Let's say I have a Kalman filter with this simple state model:
$$\begin{pmatrix} x^0_{k+1}\\ x^1_{k+1}\\ \end{pmatrix} = \begin{pmatrix} 1 & \Delta t\\ 0 & 1\\ \end{pmatrix} \begin{pmatrix} x^0_{k}\\ x^1_{k}\\ \end{pmatrix} + \mathbf{w_k} \tag 1$$
where $x^1$ is the time derivative of $x^0$, and $\mathbf{w_k}$ is process noise. This model describes properly the system as long as there is no significant external perturbation like temperature variation, because $x^1$ is an unknown function of temperature. Assuming as a first approximation that this function of temperature is linear I add the temperature derivative of $x^1$ to the model which become for a small temperature step $\Delta T = T_{k+1}-T_k$:
$$\begin{pmatrix} x^0_{k+1}\\ x^1_{k+1}\\ x^2_{k+1}\end{pmatrix} = \begin{pmatrix} 1 & \Delta t & \Delta t \Delta T\\ 0 & 1 & \Delta T\\ 0 & 0 & 1 \end{pmatrix} \begin{pmatrix} x^0_{k}\\ x^1_{k}\\ x^2_{k} \end{pmatrix} + \mathbf{w_k} \tag 2 $$
This linear approximation works well in estimating $x^2$ as long as a small temperature range is covered but is not consistent when the full temperature range is taken into account because the non-linearity of $x^1(T)$ comes in. How can I include a non-linear temperature behavior in the model ?

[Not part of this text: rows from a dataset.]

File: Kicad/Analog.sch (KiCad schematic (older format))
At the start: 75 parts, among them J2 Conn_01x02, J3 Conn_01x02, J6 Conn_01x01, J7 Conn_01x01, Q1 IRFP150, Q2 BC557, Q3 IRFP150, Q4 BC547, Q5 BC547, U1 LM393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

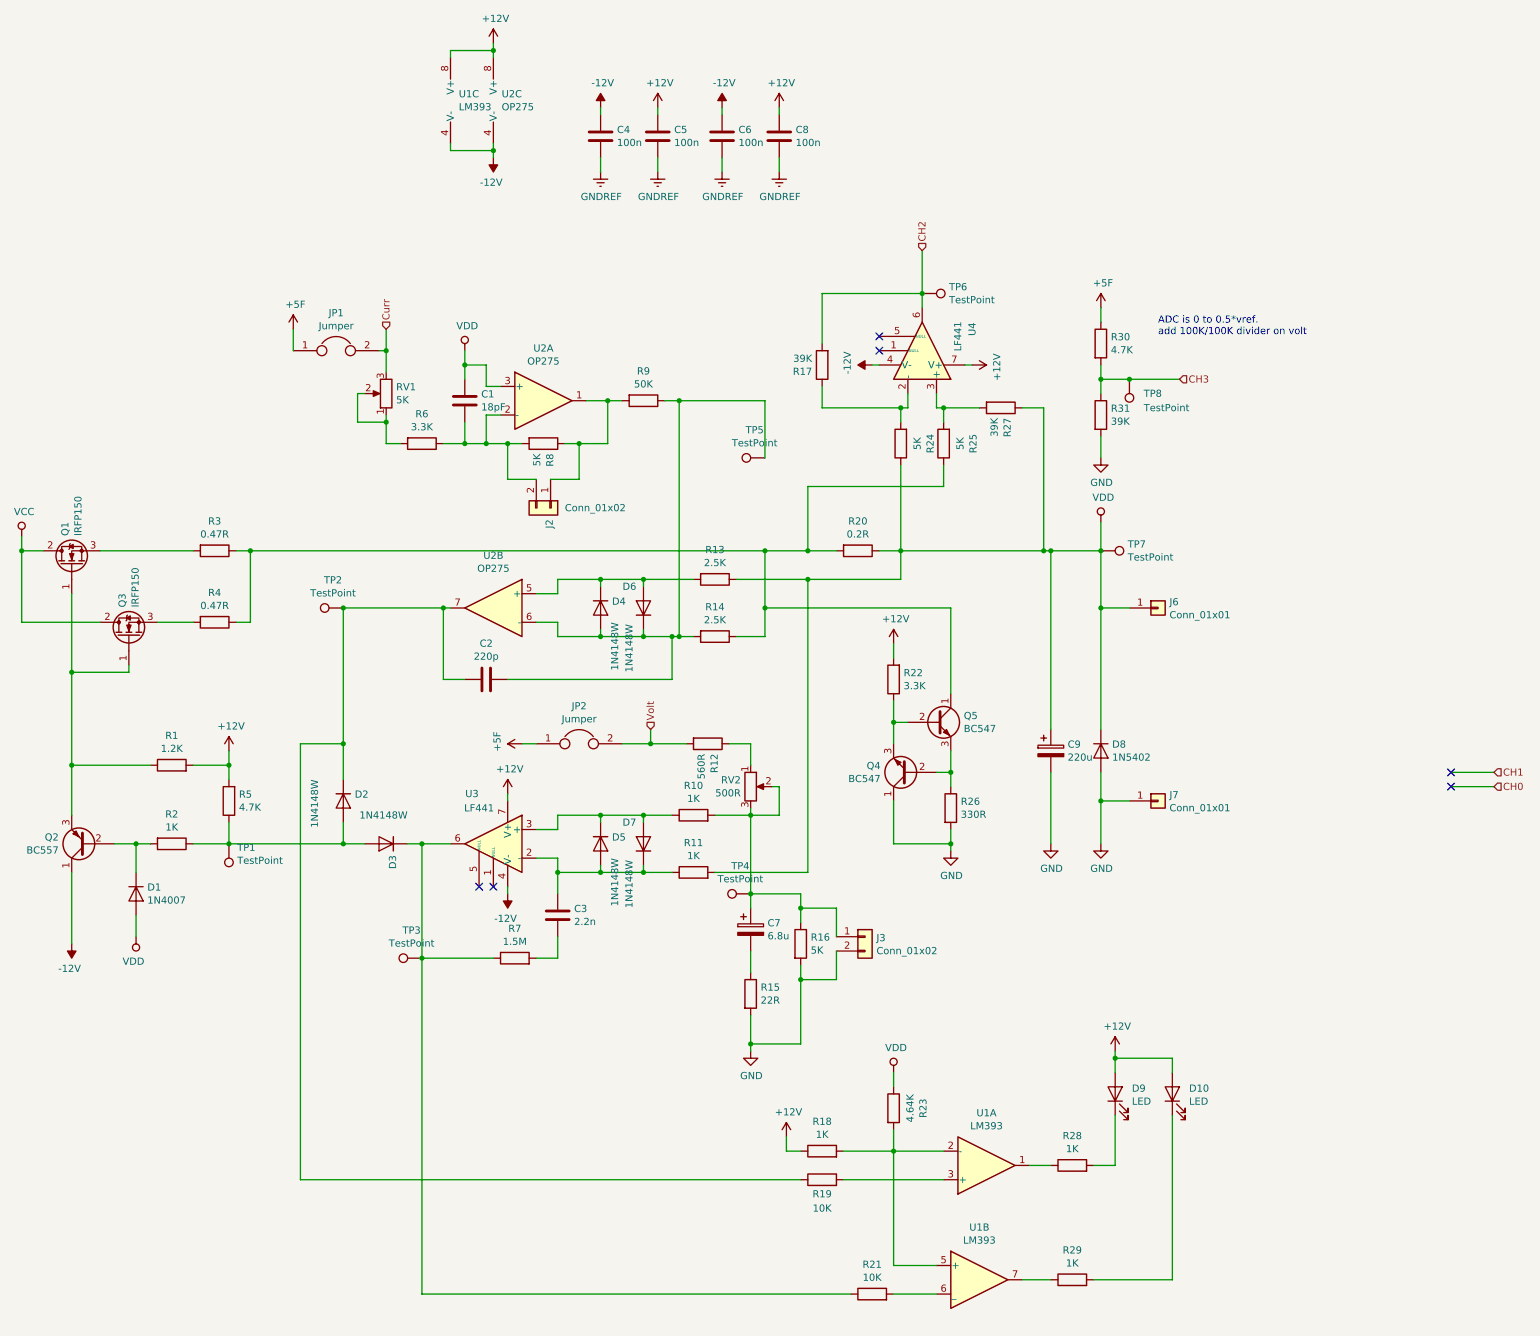
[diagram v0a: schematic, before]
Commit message: fixed bugs in PCB, added frontpanel, added SW for frontpanel
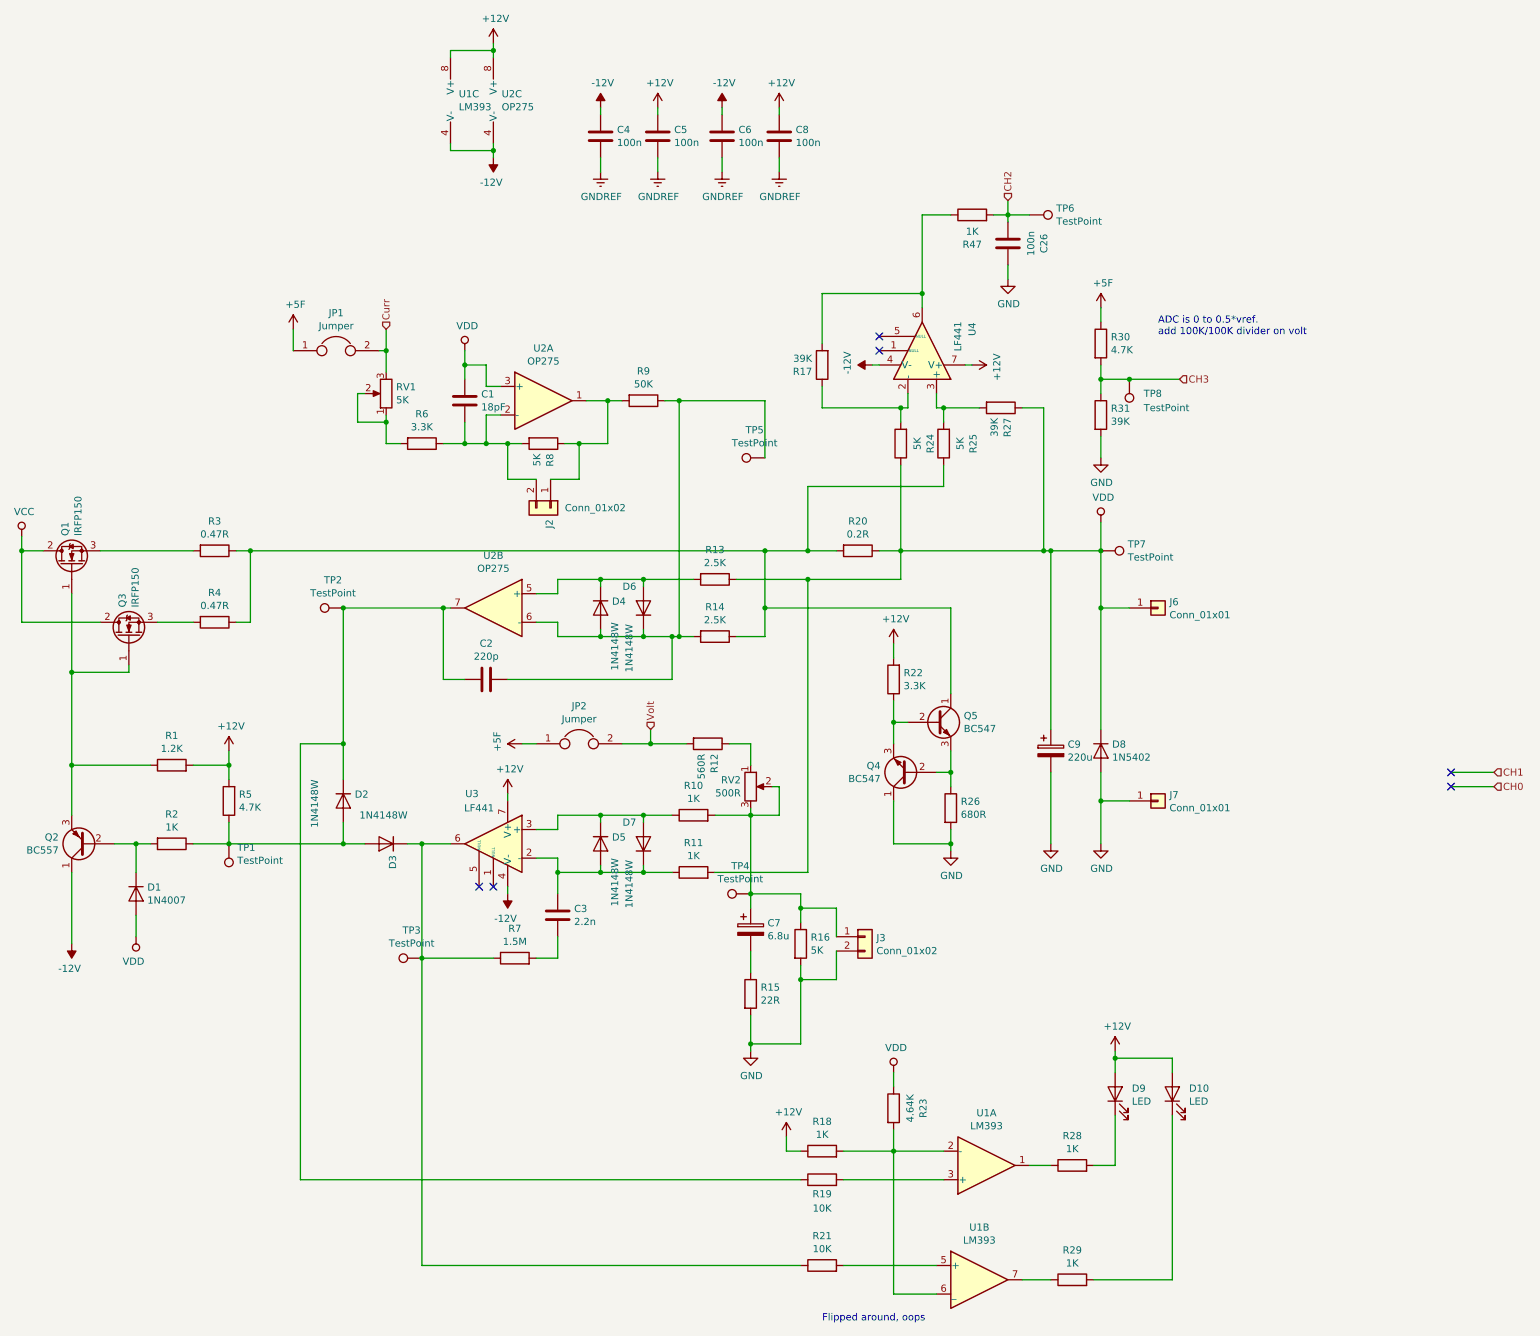
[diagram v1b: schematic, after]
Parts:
- added C26: 100n, Capacitor_SMD:C_0603_1608Metric_Pad1.05x0.95mm_HandSolder, symbol Device:C
- added R47: 1K, Resistor_SMD:R_0603_1608Metric_Pad1.05x0.95mm_HandSolder, symbol Device:R
- R26: value 330R -> 680R
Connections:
- net CH2: now also C26.2, R47.2; no longer R17.2, U4.6
- net GND: now also C26.1
- net at R18.2, R23.2, U1.2 (-): now also U1.6 (_); no longer U1.5 (+)
- net at R21.2: now also U1.5 (+); no longer U1.6 (_)
- new net: R17.2, R47.1, U4.6
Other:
- note added: "Flipped around, oops\n"
- moved on the sheet: R21, TP6

An idea I have is to decompose the non-linear temperature behavior in piecewise linear temperature segments, adding as much variables to the state vector as there are linear behavior segments, with something like
$$\begin{pmatrix} x^0_{k+1}\\ x^1_{k+1}\\ x^2_{k+1} \\ ... \\ x^n_{k+1}\end{pmatrix} = \begin{pmatrix} 1 & \Delta t & \Delta t \Delta T_{x^2} & ... & \Delta t \Delta T_{x^n}\\ 0 & 1 & \Delta T_{x^2} & ... & \Delta T_{x^n}\\ 0 & 0 & 1 &... & 1 \\ ... & ...& ... &...&... \\ 0 &0 &0&... &1 \end{pmatrix} \begin{pmatrix} x^0_{k}\\ x^1_{k}\\ x^2_{k} \\ ... \\ x^n_k \end{pmatrix} + \mathbf{w_k} \tag 3 $$
where $ \Delta T_{x^i} = \Delta T $ if $ T_i < T <T_{i+1}$, or else 0.
Is this approach OK ? is there a more standard way to do this ?
I've read about extended Kalman filters (EKF) but it seems to me that EKF is appropriate for non-linear system dynamics, but here I consider my system still has linear time-dynamics but the non-linearity comes from an "external" effect so I don't know how I would apply the EKF approach to this particular case.